## Exercise brief
When a line below contains the word "SUBTRACT", copy that line.
=-=-=-=-=
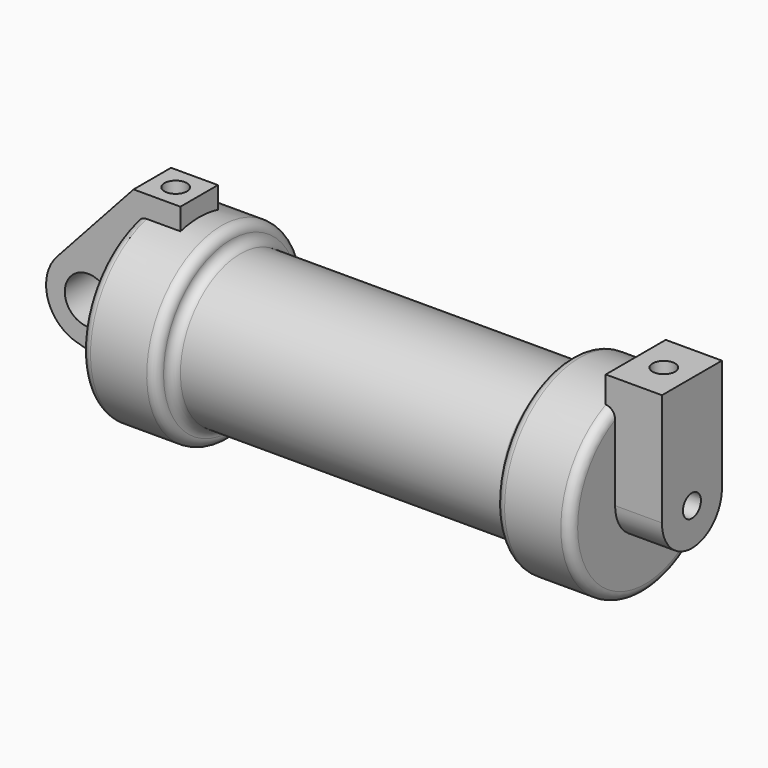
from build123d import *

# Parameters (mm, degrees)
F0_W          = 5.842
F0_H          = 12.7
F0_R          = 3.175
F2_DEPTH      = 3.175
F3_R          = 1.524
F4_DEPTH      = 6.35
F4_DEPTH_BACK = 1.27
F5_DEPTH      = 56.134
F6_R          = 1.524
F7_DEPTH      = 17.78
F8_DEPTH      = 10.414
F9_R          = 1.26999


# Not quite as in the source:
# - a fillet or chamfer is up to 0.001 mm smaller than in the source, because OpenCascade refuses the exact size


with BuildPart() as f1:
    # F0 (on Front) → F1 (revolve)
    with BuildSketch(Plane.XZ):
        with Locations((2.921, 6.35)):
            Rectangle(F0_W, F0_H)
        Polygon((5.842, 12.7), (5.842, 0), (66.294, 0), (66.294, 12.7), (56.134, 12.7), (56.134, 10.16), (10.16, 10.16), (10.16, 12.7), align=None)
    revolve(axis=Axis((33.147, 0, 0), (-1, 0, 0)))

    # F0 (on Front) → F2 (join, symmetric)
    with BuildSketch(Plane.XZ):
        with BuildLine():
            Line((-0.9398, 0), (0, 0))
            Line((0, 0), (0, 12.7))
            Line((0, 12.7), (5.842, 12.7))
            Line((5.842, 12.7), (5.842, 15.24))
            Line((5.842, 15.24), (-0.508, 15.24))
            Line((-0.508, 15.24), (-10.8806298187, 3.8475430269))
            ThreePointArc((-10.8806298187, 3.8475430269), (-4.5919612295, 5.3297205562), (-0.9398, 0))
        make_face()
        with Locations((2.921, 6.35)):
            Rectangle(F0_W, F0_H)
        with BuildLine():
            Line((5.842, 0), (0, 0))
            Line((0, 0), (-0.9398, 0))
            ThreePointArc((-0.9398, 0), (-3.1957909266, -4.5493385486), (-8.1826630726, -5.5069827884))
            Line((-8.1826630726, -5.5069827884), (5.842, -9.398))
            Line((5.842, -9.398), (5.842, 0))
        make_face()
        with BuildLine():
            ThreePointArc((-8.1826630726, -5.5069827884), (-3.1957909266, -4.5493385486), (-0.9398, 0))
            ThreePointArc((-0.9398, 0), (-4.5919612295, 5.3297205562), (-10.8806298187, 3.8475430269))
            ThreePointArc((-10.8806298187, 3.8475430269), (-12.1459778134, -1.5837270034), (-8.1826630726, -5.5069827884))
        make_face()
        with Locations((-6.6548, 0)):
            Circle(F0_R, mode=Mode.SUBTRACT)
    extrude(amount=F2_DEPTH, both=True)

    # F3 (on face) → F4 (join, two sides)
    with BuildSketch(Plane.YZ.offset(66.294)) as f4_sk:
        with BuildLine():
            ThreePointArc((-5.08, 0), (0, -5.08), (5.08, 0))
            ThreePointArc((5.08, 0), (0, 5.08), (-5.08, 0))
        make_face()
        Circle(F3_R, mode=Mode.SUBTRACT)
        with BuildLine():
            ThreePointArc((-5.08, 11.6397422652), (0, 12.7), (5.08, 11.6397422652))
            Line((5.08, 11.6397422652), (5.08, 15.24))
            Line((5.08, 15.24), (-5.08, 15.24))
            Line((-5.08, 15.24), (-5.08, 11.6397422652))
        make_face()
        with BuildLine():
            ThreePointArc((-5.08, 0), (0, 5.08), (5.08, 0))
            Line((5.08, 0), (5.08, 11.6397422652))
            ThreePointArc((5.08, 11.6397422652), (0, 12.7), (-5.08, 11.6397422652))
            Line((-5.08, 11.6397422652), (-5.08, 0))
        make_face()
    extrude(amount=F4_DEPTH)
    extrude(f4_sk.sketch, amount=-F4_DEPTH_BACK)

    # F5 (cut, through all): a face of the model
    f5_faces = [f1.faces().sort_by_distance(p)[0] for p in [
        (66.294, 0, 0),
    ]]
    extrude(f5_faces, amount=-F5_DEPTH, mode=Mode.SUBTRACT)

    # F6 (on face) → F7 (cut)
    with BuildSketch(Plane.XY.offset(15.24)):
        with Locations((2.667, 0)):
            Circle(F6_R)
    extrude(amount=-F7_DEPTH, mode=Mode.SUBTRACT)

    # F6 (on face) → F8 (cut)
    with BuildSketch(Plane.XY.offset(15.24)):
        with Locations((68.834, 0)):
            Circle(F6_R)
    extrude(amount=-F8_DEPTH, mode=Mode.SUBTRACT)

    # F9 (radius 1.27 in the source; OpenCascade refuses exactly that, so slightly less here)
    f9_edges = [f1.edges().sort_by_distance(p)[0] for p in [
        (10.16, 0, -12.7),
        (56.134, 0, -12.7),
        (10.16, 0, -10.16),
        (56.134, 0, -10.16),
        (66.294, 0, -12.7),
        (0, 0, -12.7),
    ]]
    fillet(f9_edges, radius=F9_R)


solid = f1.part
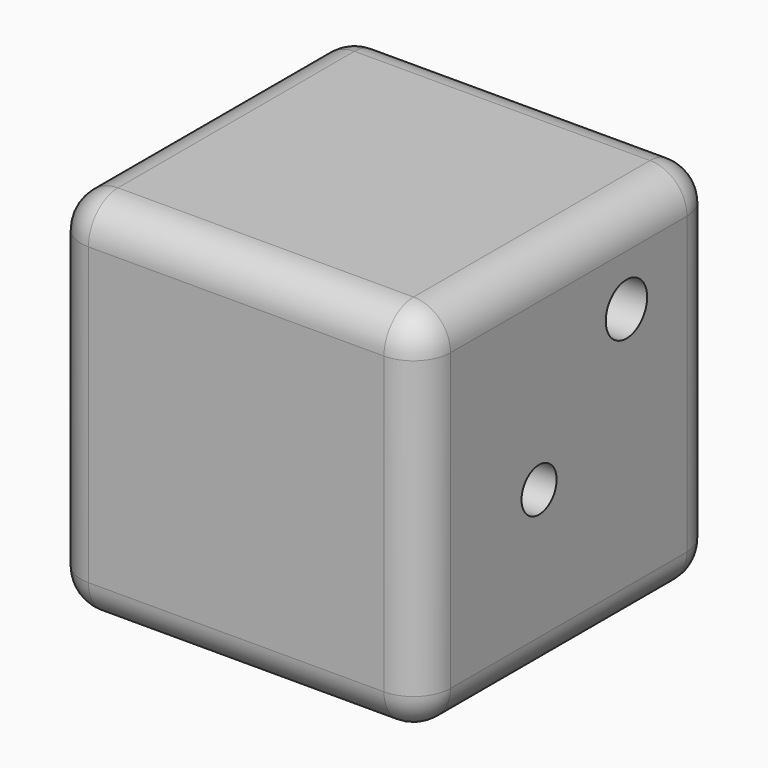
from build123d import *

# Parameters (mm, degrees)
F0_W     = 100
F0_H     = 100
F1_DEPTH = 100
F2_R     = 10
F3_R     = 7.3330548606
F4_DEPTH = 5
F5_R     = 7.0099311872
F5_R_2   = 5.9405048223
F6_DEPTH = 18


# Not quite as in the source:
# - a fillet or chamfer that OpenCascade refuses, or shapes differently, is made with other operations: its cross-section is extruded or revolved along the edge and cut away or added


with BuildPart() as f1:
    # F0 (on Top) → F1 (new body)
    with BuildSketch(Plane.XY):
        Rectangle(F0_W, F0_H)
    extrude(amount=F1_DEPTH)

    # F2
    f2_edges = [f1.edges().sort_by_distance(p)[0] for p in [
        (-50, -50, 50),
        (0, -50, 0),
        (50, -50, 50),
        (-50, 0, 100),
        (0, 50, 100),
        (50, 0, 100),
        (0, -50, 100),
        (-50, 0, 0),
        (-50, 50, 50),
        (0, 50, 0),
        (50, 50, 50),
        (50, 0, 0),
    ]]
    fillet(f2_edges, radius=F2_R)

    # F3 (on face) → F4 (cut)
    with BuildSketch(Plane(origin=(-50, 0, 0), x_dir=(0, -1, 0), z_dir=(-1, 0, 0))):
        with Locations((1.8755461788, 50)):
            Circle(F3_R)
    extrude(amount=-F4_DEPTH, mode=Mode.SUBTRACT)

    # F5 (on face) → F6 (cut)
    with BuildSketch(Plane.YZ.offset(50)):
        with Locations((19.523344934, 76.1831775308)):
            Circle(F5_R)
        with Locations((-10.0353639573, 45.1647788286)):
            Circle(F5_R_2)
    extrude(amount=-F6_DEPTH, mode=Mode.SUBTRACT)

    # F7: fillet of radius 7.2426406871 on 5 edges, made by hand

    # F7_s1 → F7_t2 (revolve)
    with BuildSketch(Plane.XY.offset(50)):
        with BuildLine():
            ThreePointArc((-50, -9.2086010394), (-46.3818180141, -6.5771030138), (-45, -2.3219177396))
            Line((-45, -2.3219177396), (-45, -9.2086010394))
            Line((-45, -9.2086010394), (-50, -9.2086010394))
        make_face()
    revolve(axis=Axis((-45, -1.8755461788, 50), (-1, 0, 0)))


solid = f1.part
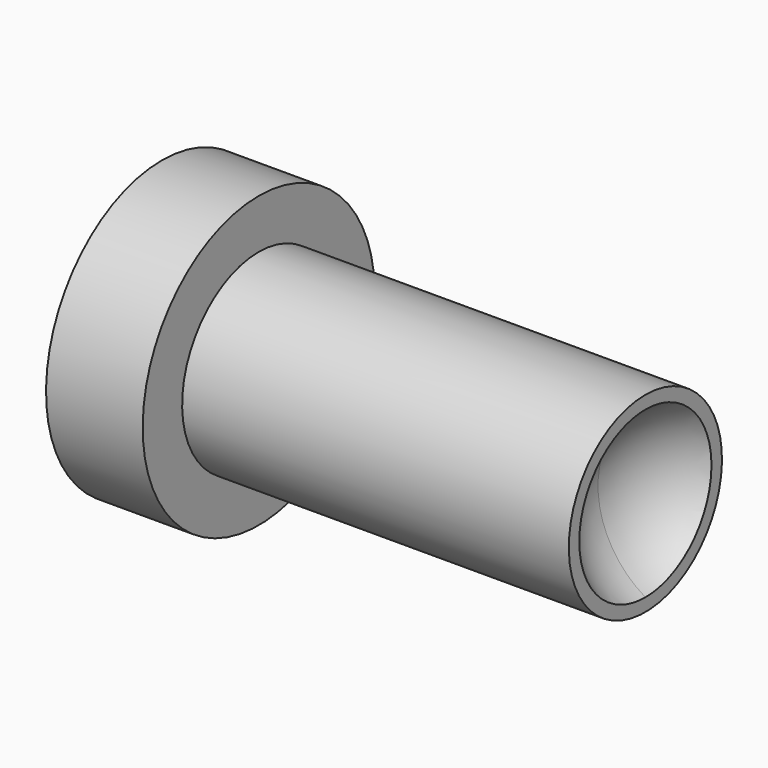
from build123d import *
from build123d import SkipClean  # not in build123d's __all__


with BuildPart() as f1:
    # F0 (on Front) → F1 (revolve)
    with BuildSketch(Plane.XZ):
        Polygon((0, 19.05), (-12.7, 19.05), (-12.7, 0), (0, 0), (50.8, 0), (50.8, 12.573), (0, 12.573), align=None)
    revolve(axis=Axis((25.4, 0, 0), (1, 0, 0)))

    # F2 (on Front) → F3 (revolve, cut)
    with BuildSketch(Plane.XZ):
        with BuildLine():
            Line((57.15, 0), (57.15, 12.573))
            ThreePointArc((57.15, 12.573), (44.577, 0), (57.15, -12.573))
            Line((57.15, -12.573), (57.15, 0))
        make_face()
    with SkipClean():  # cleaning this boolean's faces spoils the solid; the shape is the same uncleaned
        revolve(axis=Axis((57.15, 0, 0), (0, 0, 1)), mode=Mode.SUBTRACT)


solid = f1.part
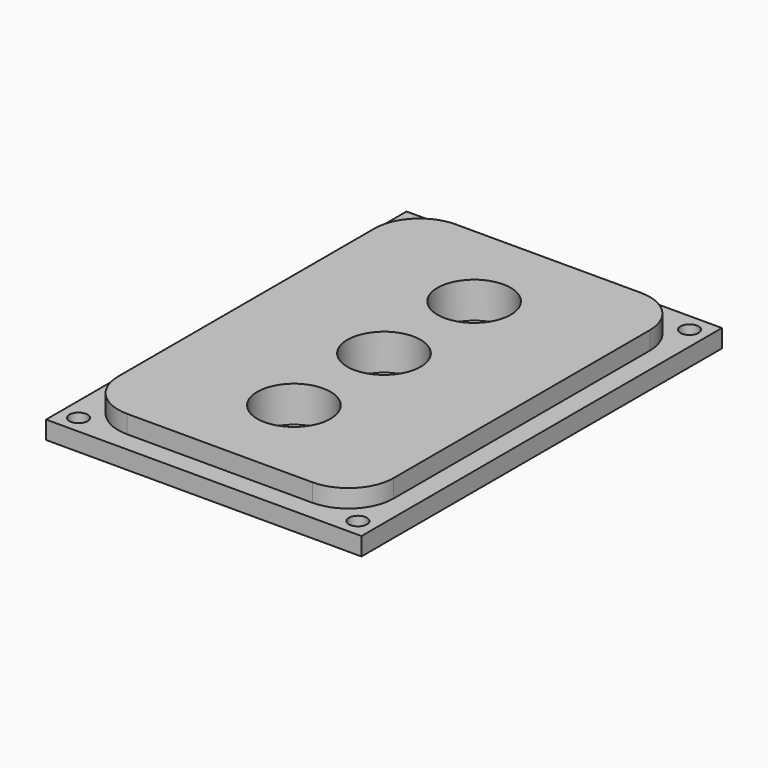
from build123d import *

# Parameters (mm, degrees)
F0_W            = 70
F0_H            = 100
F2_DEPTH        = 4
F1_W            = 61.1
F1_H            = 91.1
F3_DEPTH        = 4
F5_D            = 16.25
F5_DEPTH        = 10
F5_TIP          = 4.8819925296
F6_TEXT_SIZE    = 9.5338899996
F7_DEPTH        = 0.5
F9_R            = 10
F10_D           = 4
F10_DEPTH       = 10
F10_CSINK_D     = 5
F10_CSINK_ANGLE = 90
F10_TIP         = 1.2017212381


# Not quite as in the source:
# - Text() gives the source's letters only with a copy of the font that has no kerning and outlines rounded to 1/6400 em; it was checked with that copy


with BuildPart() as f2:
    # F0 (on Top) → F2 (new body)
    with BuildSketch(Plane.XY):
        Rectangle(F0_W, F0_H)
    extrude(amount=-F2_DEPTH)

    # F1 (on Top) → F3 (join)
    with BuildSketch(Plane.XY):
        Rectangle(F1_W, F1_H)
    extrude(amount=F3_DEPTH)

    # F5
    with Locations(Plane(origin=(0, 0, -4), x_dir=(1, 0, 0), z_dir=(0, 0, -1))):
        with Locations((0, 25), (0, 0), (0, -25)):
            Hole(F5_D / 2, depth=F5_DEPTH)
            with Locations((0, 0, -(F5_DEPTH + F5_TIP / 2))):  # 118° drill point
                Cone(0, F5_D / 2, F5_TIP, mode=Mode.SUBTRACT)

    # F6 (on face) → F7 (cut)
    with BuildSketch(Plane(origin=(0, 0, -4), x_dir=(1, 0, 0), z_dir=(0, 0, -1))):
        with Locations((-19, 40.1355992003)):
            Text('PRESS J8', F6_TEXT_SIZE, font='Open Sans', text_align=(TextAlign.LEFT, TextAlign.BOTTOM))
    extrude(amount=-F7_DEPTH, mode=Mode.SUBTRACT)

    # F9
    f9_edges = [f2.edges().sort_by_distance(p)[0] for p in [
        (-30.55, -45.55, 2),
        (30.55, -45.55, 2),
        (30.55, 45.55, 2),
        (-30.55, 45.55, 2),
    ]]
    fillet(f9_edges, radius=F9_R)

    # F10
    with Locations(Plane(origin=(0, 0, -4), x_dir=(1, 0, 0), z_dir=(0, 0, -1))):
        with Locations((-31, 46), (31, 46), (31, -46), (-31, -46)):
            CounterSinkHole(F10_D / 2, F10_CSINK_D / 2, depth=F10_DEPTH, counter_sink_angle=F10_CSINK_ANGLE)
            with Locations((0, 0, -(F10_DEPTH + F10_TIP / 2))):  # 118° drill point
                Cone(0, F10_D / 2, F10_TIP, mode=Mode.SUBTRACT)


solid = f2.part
=-=-=-=-=
## Output below
            Circle(F0_R, mode=Mode.SUBTRACT)
        Circle(F3_R, mode=Mode.SUBTRACT)
    extrude(f5_faces, amount=-F5_DEPTH, mode=Mode.SUBTRACT)
    extrude(amount=-F7_DEPTH, mode=Mode.SUBTRACT)
    extrude(amount=-F8_DEPTH, mode=Mode.SUBTRACT)
    extrude(amount=-F4_DEPTH, mode=Mode.SUBTRACT)
    extrude(amount=-F6_DEPTH, mode=Mode.SUBTRACT)
        revolve(axis=Axis((57.15, 0, 0), (0, 0, 1)), mode=Mode.SUBTRACT)
                Cone(0, F5_D / 2, F5_TIP, mode=Mode.SUBTRACT)
    extrude(amount=-F7_DEPTH, mode=Mode.SUBTRACT)
                Cone(0, F10_D / 2, F10_TIP, mode=Mode.SUBTRACT)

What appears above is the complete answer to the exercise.